Andrea Lucchesini : un Schubert à visage humain
Franz SCHUBERT (1797-1828) : Sonate pour piano D 960 ; Trois Pièces pour piano, D 946. Andrea Lucchesini, piano. 2020. Livret en allemand et en anglais. 78.48. Audite 97.766.
Dès qu’il entame le Molto moderato initial de la Sonate D 960, le pianiste Italien Andrea Lucchesini ouvre les portes d’un univers dans lequel l’imagination poétique est de mise, un espace lyrique où la respiration tient une place primordiale. Le présent CD est le deuxième volet d’un projet en trois volumes, consacré aux dernières partitions de Schubert. Le premier s’attardait en 2018 à la Sonate D 959, accompagnée de la Sonate D 537 et de l’Allegretto D 915. Lucchesini a bien compris que dans cette D 960, datée de la fin de septembre 1828, Schubert, qui va mourir dans moins de deux mois, est en phase de résignation, sinon d’acceptation, et que sa réponse à l’inéluctable est précisément inscrite dans une sorte de confiance sereine qu’il convient de traiter avec le plus grand respect. C’est ce que fait ce pianiste au toucher soyeux et pudique qui nous entraîne souvent dans le partage d’un murmure mystérieux qui se développe dans un Andante sostenuto de toute beauté, fluide et humble, sans poids inutile qui viendrait troubler cette respiration évoquée, qui se veut en quelque sorte alchimique. Ne serait-ce pas le plus beau mouvement lent de Schubert, celui dans lequel les inflexions de la mélodie nous bouleversent par leur allure inexorable ? Mais ce qui est encore plus émouvant, c’est que le chant s’élève, un chant qui n’est pas loin du secret et qui laisse entrevoir la perspective d’un autre monde, qui va s’épanouir dans le troisième mouvement, ce bref Scherzo-Allegro vivace qui ne porte pas pour rien la précision de « con delicatezza ». Ô surprise : cet épanouissement est plein de fraîcheur, de tendresse ; ne dirait-on pas que Schubert retrouve la joie de souvenirs anciens, ceux de l’enfance peut-être ? Ici, la poésie tourne à plein régime à travers de discrets rubatos que Lucchesini manie avec finesse. Et puis, dans l’Allegro, ma non troppo, où le rondo et la forme sonate sont liés, cette manière de légèreté, pour ne pas parler d’insouciance, nous interpelle d’autant plus que, lorsqu’une seconde mélodie, bien marquée, apparaît, la vigueur rejoint certains aspects du premier mouvement, dans une évidence de contrastes qui demeurent toujours sous le signe exigeant de la respiration, lisse et naturelle, infiniment libre. Lucchesini apporte à ce chef-d’œuvre absolu une dimension à la fois noble et grave, profonde et chaleureuse, que nous partageons avec lui dans une réelle empathie.
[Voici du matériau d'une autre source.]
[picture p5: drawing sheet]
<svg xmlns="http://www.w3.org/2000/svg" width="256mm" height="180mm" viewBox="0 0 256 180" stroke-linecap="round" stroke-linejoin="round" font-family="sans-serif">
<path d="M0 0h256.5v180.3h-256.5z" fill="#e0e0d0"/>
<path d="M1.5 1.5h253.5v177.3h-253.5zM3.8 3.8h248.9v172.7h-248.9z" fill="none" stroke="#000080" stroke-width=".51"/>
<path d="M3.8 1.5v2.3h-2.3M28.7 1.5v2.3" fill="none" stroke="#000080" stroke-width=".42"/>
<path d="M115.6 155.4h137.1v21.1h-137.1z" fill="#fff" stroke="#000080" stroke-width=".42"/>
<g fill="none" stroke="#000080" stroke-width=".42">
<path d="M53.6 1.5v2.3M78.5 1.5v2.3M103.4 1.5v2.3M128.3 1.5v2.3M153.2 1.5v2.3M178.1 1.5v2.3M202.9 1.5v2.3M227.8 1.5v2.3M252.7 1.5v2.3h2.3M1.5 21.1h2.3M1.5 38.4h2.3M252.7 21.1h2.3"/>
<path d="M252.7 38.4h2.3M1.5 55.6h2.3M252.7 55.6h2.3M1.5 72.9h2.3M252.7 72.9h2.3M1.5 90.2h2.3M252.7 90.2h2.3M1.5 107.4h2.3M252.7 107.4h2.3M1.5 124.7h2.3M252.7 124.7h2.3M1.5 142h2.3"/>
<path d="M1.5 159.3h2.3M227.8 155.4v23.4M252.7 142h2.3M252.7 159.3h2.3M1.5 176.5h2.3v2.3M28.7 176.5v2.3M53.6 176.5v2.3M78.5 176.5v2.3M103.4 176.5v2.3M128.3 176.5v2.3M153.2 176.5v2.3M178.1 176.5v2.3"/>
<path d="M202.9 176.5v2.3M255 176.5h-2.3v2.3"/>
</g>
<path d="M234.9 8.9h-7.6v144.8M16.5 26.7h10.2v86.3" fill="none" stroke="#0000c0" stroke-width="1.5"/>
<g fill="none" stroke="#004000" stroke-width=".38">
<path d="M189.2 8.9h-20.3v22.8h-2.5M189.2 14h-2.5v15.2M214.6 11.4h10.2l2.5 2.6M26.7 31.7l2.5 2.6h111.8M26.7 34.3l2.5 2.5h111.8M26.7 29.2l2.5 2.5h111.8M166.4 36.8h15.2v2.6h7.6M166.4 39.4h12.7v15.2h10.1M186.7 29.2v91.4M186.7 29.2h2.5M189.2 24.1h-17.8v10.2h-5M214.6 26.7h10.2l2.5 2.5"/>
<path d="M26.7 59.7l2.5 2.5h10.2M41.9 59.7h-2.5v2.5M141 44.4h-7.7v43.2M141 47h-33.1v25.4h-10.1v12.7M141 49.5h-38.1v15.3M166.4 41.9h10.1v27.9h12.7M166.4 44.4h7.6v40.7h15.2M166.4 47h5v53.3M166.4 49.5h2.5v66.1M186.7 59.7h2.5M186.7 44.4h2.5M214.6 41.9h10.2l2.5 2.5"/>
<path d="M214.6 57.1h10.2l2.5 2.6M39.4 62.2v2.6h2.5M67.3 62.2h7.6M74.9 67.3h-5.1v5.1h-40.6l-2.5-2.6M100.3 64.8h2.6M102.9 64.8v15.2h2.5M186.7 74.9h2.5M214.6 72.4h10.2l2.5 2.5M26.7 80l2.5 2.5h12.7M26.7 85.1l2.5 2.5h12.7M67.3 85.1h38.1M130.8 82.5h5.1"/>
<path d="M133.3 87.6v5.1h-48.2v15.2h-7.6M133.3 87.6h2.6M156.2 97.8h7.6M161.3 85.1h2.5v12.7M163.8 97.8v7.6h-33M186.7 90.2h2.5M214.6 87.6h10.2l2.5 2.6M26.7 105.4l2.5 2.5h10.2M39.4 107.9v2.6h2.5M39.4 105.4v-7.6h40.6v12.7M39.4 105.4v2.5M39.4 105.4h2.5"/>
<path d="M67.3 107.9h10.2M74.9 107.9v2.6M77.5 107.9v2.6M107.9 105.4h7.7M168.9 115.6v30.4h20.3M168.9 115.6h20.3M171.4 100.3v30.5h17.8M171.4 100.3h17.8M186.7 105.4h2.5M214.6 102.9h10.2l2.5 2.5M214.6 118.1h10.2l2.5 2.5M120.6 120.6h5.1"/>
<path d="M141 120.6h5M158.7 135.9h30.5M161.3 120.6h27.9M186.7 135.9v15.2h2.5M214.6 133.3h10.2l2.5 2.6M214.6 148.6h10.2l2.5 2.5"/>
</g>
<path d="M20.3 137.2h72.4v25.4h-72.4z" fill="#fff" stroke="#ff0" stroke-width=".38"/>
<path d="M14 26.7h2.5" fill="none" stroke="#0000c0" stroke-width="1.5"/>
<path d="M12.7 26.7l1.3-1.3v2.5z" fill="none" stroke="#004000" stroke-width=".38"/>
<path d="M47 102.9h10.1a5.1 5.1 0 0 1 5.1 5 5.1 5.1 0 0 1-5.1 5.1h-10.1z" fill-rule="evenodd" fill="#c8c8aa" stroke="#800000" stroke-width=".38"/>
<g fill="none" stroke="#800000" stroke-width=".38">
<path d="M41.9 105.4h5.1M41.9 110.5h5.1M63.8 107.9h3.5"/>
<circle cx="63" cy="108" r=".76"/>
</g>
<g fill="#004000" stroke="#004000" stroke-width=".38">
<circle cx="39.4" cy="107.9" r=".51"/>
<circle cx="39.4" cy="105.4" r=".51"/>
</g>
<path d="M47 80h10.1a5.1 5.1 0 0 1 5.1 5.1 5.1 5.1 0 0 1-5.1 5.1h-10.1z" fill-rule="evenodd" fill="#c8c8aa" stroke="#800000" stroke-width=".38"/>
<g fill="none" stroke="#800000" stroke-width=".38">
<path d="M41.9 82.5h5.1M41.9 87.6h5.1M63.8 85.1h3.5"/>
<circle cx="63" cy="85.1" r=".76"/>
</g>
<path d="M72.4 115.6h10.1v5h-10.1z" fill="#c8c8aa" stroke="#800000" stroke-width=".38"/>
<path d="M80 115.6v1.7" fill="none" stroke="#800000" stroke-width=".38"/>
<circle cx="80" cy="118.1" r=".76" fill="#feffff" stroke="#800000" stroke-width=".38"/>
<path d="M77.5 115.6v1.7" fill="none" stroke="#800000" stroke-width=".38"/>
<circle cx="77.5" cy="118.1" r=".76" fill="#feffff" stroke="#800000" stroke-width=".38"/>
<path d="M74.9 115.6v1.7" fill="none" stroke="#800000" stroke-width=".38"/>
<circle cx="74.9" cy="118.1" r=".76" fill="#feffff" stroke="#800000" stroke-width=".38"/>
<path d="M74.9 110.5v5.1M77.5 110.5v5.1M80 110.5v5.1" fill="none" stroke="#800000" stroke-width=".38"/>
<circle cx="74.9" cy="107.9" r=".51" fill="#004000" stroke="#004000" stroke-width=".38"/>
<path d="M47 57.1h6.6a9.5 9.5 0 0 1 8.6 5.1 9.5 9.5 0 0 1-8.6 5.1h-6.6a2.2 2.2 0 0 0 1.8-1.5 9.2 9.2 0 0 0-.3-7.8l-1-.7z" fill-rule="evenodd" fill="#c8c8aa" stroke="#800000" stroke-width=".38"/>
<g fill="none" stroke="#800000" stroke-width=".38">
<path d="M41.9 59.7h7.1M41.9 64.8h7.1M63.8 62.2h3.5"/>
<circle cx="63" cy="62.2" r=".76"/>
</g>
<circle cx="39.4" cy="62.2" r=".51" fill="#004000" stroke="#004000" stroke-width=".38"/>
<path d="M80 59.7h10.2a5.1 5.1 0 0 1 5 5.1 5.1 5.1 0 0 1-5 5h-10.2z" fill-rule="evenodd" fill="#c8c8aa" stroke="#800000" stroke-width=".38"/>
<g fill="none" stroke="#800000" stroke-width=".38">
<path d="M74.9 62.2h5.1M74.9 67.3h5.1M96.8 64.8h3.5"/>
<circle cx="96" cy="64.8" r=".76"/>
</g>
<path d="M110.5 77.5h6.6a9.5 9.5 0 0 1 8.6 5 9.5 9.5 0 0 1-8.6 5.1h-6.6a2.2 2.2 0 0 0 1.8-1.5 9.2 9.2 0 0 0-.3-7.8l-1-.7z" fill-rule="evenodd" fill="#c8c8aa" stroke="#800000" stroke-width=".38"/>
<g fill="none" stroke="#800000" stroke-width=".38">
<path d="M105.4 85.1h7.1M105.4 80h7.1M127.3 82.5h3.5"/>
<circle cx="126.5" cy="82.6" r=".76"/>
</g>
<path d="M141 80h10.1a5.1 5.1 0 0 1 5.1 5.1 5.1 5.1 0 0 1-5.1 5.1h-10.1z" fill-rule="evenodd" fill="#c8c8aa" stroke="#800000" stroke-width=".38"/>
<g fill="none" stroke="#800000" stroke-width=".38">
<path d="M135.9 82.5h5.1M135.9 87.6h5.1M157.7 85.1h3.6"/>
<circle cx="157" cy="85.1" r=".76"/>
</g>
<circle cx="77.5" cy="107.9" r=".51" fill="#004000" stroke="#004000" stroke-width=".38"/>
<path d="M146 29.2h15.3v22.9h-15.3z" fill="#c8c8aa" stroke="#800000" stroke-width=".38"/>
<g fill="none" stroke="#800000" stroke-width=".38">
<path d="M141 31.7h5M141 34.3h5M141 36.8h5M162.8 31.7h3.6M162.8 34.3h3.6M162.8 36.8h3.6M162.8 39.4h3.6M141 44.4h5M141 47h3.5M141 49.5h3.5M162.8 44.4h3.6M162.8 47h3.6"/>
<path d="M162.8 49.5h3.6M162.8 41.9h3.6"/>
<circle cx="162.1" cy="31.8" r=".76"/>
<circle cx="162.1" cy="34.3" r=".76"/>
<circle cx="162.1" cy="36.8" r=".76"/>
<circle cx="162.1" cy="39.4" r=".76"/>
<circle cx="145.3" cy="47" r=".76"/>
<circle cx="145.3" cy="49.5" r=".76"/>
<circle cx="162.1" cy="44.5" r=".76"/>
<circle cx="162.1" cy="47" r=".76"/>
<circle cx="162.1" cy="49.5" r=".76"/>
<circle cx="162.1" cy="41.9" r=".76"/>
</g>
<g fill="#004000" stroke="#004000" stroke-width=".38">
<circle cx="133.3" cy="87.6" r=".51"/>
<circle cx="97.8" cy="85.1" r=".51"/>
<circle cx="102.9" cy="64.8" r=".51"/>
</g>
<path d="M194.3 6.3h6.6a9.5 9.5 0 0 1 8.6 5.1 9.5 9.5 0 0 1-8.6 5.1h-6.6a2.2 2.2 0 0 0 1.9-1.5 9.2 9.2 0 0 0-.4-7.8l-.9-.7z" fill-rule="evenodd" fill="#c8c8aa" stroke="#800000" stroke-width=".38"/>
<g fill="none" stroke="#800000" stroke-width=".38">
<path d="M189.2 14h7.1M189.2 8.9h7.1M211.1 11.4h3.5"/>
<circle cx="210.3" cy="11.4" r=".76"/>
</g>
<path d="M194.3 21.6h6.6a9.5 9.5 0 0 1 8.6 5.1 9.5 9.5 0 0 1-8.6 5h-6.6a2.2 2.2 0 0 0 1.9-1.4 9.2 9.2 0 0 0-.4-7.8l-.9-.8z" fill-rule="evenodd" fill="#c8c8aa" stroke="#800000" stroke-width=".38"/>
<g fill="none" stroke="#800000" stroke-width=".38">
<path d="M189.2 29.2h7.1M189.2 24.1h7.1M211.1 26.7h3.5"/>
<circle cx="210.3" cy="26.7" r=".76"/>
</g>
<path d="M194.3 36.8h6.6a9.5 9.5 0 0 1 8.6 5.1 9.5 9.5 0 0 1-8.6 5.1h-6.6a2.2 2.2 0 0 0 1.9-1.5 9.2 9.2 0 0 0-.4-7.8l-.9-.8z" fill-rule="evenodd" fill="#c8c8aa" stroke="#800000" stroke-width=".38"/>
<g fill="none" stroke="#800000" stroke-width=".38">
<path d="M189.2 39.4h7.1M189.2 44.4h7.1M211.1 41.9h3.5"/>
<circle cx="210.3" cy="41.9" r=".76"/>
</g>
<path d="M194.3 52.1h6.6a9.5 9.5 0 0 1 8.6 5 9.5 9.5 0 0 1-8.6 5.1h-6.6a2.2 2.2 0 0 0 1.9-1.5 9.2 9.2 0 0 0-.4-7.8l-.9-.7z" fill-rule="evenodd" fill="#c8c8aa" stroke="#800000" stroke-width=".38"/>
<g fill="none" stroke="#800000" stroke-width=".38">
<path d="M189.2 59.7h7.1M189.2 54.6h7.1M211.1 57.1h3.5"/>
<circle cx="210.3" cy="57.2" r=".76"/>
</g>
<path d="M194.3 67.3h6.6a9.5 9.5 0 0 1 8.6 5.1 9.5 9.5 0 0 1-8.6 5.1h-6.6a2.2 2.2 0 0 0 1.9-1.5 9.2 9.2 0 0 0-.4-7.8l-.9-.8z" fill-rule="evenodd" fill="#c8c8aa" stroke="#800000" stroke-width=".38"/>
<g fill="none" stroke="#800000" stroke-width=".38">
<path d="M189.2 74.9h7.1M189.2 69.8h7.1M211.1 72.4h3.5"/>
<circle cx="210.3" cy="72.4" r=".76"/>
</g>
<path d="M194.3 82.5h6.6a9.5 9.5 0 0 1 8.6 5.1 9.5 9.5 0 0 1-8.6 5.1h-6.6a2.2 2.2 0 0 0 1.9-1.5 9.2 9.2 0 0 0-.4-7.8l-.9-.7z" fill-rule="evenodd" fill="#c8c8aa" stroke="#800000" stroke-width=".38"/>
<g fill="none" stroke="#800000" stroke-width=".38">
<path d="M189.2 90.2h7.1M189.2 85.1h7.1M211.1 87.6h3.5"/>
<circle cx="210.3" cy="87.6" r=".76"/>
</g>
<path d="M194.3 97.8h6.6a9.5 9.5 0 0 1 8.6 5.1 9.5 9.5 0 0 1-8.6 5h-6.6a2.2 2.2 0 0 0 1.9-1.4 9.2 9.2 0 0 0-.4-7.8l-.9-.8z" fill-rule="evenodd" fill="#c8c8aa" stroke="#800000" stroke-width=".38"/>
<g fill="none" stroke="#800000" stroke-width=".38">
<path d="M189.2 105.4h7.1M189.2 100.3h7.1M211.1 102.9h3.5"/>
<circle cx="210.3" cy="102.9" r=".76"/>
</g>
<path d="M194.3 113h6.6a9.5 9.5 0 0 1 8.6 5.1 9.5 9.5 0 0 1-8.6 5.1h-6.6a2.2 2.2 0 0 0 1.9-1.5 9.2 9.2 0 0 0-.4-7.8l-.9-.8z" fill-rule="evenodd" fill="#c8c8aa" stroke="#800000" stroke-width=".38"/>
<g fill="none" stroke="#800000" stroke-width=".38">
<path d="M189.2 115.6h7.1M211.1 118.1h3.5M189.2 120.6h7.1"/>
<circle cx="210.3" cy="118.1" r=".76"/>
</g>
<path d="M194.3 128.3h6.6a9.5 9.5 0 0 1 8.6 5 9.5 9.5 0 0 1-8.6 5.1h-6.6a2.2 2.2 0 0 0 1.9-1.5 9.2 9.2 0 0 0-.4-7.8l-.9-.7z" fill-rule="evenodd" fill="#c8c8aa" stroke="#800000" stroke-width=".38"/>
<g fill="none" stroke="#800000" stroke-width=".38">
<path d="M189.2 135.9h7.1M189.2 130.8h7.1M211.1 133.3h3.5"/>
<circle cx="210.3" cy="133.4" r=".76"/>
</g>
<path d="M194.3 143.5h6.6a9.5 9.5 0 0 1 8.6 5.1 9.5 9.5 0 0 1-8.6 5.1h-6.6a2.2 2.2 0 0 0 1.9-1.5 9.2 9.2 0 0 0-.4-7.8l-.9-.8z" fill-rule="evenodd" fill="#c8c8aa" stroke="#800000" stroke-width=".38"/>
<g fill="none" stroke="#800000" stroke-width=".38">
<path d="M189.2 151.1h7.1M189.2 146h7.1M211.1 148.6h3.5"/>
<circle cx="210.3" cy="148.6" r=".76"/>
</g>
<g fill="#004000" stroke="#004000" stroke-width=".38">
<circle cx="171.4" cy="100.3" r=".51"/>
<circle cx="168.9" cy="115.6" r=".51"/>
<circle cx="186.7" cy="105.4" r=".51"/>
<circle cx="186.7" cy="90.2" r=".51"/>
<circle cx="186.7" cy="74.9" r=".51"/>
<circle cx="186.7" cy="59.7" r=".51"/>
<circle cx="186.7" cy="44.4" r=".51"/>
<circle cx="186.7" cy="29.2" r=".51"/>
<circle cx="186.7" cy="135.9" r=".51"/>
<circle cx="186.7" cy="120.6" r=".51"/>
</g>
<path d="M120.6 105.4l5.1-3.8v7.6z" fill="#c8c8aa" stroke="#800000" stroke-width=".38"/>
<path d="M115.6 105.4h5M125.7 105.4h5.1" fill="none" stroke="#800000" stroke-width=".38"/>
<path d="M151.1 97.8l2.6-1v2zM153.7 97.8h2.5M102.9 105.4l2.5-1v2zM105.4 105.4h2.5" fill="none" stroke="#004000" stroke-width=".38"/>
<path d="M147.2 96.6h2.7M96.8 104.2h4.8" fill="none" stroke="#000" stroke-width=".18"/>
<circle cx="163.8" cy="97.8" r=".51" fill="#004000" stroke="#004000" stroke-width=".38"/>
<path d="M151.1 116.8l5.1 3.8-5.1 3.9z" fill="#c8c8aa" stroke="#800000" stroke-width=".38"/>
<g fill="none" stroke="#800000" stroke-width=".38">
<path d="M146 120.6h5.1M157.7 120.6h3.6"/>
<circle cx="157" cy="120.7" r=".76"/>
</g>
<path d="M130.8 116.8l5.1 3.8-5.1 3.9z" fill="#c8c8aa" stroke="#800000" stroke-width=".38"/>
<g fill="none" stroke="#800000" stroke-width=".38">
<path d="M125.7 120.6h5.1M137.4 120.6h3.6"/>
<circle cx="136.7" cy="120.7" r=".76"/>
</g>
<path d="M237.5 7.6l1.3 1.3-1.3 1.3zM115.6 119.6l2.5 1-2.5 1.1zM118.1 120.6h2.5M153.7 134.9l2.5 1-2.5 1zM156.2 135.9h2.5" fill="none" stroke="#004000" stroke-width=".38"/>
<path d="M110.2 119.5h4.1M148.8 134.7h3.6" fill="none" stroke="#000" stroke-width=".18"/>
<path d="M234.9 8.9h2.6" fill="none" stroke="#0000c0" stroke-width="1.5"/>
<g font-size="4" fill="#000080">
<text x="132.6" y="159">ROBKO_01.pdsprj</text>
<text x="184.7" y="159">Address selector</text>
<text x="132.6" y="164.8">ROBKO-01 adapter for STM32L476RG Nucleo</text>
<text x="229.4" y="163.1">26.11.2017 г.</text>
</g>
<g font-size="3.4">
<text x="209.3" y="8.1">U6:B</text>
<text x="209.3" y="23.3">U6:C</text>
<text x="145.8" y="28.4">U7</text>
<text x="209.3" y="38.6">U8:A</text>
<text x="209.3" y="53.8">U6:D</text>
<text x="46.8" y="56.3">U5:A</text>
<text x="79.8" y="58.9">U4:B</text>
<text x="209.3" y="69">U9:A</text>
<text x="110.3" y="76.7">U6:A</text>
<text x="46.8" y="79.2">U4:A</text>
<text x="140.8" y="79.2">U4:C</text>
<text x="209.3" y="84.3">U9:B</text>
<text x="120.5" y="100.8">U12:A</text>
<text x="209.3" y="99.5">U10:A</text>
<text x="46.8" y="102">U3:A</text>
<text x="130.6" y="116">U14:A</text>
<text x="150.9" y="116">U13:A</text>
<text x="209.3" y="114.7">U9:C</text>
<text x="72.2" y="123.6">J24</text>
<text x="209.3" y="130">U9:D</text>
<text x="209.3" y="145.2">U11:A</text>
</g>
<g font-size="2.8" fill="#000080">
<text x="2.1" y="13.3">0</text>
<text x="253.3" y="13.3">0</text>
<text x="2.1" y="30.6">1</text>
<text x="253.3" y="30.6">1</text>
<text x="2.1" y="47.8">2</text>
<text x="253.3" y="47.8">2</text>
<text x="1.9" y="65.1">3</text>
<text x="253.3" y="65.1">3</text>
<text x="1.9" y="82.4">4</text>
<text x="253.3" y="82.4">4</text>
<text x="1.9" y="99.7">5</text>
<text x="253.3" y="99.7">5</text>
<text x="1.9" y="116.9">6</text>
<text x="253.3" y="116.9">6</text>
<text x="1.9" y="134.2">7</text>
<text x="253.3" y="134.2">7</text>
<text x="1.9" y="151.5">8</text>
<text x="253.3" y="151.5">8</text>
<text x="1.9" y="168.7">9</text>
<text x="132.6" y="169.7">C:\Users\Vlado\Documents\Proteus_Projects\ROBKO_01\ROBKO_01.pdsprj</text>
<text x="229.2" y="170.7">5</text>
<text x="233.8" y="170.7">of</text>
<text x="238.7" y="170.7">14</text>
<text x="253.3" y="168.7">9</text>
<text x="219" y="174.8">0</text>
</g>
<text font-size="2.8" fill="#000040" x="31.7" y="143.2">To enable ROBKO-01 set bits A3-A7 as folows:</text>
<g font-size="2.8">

Andrea Lucchesini, né en 1965, a été l’élève de Maria Tipo. En 1983, à Milan, il a remporté le premier prix du Concours Dino Ciani, ce virtuose disparu en 1974 à l’âge de 33 ans, prix qui lui a permis de jouer très vite avec des chefs comme Claudio Abbado ou Roberto Chailly. Il est aussi titulaire d’autres récompenses. Au niveau discographique, il a enregistré pour Stradivarius en 2004 une intégrale en public des sonates de Beethoven ; son parcours l’a mené de Chopin à Saint-Saëns, Tchaïkowski ou Berio, dont il a créé quelques pages en première mondiale. Souvent cité pour ses sonorités rondes et envoûtantes, Lucchesini en apporte une nouvelle preuve dans le complément de ce CD Audite ; il s’agit des Trois Pièces D 946, éditées après la mort de Schubert mais composées en mai 1828. Un choix on ne peut plus judicieux car la passion, d’où ressort une certaine angoisse dans la première pièce, est contrebalancée par le sublime refrain lumineux de la deuxième. Le cœur de Schubert est presque mis à nu dans cet aveu sentimental, avant que la joie et un enthousiasme communicatif ne viennent transcender l’Allegro de la troisième pièce. Lucchesini traduit avec diaphanéité ces rêves éveillés qui, tout comme la Sonate D 960, ouvrent sur l’éternité. Une éternité à partager avec Schubert, n’est-ce pas une invitation des plus tentatrices ? Andrea Lucchesini signe ici un superbe CD, enregistré dans la Leibniz Saal du Centre de Congrès de Hanovre en novembre 2018 ; il vient se placer parmi les plus éloquents témoignages schubertiens de notre temps. Le troisième volume est attendu avec une patiente impatience.